# Waiting for PR and Spousal visa renewal same time



## harman007 (Mar 13, 2015)

Hi all, I applied for my PR last year. Then, had to apply for renewal of spousal visa as its expiring on May 15. 

Now what happens if my spousal visa renewal is declined, I don't apeal and after couple of months my PR arrives? (If its possible) Will I be undesired still or DHA can reject my PR too? 

I couldn't attach the police clearance when I applied for the renewal, I did attach the receipt of Police clearance application with an affaidavait stating why I couldn't attach the police clearance (south african). 

My PR application was complete and there is nothing short. I even attached my SAQA certificate with the PR application. 

I will appreciate all the suggestions.


----------



## oceanracer (Mar 10, 2015)

Hi harman007,
This is exactly what happened to me.. read my previous posts. I applied for PRP and while waiting I had to renew my TRP which was arbitrary denied (foreign police clearance issue). I had to appeal and I am still waiting for the results of DHA arbitrary decision (read Tony56 excellent post on that titled "Rejection and Appeals: What to do when your application has been rejected.") . Anticipating when you will get any results from DHA is a Wild-Ass Guess and required a lots of patience. perhaps hiring an immigration consultant might speed things up. I have been waiting for more than 3 months now. Good luck with your dealing with DHA.


----------



## MrTshiko (May 27, 2014)

Was it an option to apply for the TR renewal at the same time you applied for the PR?

I will be in a similar situation later this year. I have a TR visa through my wife. Come September 2015 we will be married for five years, so at that time I will apply for the PR. My TR Permit expires in April 2016. I know the PR process is long, so I imagine my TR will expire before my PR arrives.

1 - Will I be able to apply for a TR renewal at the same time I apply for PR? Or will they make me do them separately? 

2 - What happens if I apply for the TR renewal after I apply for PR? Will doing so mess up my PR application? 

3 - Should I perhaps apply for the TR renewal first and then the PR?

4 - Is there a limit on how early I can apply for a TR renewal? Like, can I apply for it a whole year before my current TR expires?

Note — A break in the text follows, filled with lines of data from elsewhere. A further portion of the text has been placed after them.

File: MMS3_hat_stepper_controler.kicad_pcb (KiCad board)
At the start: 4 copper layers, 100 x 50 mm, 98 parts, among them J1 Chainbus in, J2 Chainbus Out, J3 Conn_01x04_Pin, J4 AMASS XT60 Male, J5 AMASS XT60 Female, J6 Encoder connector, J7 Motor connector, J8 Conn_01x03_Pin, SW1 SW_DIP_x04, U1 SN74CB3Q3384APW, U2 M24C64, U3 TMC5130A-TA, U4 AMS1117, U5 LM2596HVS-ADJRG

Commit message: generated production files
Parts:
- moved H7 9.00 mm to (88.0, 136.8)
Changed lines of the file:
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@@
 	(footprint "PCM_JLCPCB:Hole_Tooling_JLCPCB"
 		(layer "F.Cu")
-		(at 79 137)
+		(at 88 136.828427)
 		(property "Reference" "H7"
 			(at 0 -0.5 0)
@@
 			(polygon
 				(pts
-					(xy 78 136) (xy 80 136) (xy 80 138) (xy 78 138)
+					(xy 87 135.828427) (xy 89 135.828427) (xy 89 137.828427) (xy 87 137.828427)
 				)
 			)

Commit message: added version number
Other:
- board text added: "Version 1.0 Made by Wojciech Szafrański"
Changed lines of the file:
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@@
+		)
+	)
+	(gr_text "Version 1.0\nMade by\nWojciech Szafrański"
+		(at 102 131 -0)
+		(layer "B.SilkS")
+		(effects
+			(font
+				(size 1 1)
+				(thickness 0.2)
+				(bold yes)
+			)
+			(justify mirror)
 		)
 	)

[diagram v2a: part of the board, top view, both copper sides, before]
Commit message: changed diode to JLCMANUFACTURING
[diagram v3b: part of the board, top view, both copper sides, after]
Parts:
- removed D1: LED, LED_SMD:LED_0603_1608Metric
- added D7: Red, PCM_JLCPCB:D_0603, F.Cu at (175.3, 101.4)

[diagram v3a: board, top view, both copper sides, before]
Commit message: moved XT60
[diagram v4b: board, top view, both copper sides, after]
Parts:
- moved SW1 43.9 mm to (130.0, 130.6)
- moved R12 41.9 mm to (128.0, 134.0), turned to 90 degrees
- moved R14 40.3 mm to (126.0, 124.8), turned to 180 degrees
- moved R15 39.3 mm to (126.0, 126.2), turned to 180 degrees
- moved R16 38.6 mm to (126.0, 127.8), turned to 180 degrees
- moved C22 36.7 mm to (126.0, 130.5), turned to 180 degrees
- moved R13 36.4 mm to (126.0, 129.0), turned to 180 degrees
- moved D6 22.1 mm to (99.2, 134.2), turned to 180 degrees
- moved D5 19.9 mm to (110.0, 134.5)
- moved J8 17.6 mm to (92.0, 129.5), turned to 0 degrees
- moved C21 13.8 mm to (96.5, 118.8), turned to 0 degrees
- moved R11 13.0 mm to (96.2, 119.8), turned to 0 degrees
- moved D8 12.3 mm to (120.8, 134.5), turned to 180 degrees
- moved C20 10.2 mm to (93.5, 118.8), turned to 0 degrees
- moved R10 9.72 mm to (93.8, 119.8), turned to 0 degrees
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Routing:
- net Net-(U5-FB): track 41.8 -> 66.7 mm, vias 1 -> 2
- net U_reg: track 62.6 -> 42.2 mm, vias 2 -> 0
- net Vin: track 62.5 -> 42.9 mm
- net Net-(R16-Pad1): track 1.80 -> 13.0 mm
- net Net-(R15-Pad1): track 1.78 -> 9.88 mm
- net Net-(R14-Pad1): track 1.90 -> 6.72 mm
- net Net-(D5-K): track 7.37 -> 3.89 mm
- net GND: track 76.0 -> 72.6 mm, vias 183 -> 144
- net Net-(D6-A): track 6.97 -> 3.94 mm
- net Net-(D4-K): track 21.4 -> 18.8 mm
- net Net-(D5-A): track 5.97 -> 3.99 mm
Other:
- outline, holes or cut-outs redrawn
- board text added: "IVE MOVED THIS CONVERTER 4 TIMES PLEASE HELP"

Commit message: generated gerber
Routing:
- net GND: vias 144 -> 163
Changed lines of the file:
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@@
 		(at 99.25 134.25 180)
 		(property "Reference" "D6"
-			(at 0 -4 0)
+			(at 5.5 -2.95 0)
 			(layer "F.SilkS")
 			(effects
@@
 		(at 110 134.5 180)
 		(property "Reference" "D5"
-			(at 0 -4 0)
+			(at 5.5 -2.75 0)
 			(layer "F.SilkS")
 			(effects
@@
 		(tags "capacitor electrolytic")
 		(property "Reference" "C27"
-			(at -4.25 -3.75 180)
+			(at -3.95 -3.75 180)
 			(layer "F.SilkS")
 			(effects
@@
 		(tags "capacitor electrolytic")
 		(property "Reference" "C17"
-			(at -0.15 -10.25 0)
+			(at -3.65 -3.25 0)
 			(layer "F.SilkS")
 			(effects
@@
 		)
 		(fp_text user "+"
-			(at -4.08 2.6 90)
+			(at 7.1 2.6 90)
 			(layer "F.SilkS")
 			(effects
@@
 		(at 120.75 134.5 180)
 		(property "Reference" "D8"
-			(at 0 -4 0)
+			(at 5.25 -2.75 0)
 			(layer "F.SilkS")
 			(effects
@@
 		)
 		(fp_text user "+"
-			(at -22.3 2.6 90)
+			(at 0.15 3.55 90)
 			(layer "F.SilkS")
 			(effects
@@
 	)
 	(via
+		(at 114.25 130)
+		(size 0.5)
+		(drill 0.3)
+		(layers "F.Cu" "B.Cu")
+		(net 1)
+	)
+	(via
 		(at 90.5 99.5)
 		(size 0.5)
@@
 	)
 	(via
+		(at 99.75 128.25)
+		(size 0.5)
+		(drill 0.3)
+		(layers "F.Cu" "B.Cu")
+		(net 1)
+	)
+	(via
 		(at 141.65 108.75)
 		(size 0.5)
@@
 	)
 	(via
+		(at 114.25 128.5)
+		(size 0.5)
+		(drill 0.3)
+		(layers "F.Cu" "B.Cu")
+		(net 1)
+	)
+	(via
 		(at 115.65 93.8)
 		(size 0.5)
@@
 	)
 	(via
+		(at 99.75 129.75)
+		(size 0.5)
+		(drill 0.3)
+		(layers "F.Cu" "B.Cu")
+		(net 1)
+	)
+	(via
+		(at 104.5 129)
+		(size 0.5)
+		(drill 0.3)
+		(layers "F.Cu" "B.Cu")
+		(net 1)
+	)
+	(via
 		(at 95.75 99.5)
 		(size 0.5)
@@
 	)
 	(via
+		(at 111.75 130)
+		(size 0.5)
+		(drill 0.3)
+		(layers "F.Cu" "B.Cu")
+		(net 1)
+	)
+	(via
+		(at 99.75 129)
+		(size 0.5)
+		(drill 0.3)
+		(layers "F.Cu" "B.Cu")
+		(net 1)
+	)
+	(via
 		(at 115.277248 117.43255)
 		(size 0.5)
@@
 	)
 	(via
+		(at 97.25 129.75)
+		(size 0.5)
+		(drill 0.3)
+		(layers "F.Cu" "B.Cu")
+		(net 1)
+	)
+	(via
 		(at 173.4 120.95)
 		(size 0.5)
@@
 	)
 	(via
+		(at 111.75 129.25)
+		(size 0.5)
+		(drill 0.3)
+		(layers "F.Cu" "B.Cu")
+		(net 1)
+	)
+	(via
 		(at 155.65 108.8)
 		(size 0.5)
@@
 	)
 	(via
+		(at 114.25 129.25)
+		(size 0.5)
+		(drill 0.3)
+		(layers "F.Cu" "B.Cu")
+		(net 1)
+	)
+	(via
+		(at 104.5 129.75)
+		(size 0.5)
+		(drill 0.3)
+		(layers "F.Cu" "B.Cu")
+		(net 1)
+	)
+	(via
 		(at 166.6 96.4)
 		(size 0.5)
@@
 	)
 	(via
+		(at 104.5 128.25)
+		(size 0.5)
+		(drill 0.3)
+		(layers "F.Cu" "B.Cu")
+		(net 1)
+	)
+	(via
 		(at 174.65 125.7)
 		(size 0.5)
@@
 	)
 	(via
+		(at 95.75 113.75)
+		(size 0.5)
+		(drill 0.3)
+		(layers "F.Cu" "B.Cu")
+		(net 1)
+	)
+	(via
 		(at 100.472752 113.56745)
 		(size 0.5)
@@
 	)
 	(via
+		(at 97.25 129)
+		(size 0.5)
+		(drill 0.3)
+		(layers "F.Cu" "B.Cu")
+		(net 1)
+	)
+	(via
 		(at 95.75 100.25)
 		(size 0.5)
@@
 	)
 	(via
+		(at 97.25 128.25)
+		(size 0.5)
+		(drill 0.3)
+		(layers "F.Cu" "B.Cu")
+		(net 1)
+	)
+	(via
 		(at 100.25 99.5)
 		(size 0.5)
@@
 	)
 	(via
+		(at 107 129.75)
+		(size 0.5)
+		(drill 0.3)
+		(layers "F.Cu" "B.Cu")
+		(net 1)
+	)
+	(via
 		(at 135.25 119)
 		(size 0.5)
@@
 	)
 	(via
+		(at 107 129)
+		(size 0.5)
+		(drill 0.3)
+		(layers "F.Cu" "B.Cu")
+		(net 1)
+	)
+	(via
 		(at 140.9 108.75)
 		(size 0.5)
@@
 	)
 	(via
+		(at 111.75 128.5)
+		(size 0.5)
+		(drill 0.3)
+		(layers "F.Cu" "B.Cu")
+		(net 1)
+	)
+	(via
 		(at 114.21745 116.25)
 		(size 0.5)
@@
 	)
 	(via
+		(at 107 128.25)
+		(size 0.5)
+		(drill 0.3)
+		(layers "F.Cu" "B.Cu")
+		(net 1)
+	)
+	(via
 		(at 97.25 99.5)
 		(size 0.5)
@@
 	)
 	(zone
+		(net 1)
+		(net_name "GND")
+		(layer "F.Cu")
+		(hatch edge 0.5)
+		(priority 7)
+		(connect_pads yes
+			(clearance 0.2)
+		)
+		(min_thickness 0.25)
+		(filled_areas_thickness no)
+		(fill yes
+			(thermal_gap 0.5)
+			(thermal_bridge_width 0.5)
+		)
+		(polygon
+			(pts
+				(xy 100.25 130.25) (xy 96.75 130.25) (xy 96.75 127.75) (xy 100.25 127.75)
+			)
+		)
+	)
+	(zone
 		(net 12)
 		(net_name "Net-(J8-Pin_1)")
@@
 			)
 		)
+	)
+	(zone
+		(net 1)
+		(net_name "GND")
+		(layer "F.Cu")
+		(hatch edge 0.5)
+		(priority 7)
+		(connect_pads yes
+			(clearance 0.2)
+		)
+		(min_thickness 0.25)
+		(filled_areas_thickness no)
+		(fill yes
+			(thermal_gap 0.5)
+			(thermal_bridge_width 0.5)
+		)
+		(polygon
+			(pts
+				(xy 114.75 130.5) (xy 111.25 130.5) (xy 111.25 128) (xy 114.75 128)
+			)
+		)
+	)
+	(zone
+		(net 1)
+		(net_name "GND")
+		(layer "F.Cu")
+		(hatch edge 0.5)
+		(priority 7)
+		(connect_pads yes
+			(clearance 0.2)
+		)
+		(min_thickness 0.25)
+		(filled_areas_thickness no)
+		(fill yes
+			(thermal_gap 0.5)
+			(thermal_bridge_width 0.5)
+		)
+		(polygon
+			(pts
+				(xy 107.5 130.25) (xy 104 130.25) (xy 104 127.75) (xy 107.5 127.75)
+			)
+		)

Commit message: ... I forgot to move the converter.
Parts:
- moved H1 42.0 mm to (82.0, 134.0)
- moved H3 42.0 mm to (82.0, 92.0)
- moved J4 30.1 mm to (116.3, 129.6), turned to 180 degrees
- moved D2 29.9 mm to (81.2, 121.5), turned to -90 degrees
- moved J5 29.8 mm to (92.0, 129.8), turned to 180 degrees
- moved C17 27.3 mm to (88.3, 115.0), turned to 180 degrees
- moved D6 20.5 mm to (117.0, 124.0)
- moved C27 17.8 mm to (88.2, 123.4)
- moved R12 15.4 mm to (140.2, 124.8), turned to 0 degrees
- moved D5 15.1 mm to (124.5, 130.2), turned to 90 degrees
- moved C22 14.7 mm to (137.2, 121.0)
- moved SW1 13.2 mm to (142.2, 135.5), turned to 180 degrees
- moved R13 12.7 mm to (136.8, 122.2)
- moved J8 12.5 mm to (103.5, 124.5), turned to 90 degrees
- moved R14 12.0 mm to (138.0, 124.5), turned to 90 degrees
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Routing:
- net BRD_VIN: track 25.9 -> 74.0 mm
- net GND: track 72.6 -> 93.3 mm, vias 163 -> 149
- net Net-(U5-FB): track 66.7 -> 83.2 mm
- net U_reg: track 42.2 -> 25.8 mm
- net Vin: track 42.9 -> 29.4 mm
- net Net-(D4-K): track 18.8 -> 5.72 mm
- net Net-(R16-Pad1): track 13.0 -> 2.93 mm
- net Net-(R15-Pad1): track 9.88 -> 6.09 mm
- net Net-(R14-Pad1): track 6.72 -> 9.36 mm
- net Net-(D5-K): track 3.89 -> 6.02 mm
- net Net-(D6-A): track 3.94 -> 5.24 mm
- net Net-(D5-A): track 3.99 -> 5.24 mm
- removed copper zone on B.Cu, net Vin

5 - Also, can someone confirm that I won't have to leave SA to apply for my PR if I am currently living in SA on a TR?

THANKS!


----------



## oceanracer (Mar 10, 2015)

Hi MrTshiko,
I can only speak from my own experience.
I was in a similar situation back in October 2014. I went to VFS to log my PRP application (I have been married for 10 years) we moved (back) to SA 2 years ago. While logging my PRP application which took place ~ 3 months before my TRP weas due to expire, I was told at the VFS office it would take 6 to 8 months to process my PRP (after my recent experience with DHA it will most likely be more like 18 to 24 months). Anyway, I had to apply at the same time to renew my TPR to avoid being illegal 3 months later. in my case it got a bit complicated when my renewal application was denied because someone at DHA made an arbitrary decision (I base that statement on the current Immigration regulations of 2014). Unfortunately it seems that no one is immuned to that how ever good your application is, so be prepared. I don't think DHA staff are well prepared to handle applications and I suspect they do not even know the regulations themselves . Now I am stuck here and cannot leave the country to do my job until I get my appeal result.
So, you should apply to your PRP and TRP renewal at the same time and no, you do not have to leave the country unless like me you need to travel for your job and worry that they are going to mess up your renewal and force you to appeal, etc.... you need to apply to your TRP renewal 90 days (I think but check to be safe) before it is due to expire. good luck!


----------



## MrTshiko (May 27, 2014)

Thanks so much for the response. I definitely won't wait to the last minute to apply for the TR renewal. I was moreso just hoping I could apply for TR renewal and PR at the same time. I assume it will possibly confuse the HA representative. That is why I am perhaps thinking of using a lawyer.


----------



## harman007 (Mar 13, 2015)

Hi Oceanracer, thanks for the reply. I don't worry if appeal takes even 5 years. What I would like to know is: if my Relatives visa/appeal is declined, will it affect my PR application in any manner? Can they halt the results of my PR untill the appeal results are finalized or PR app process will continue seperately?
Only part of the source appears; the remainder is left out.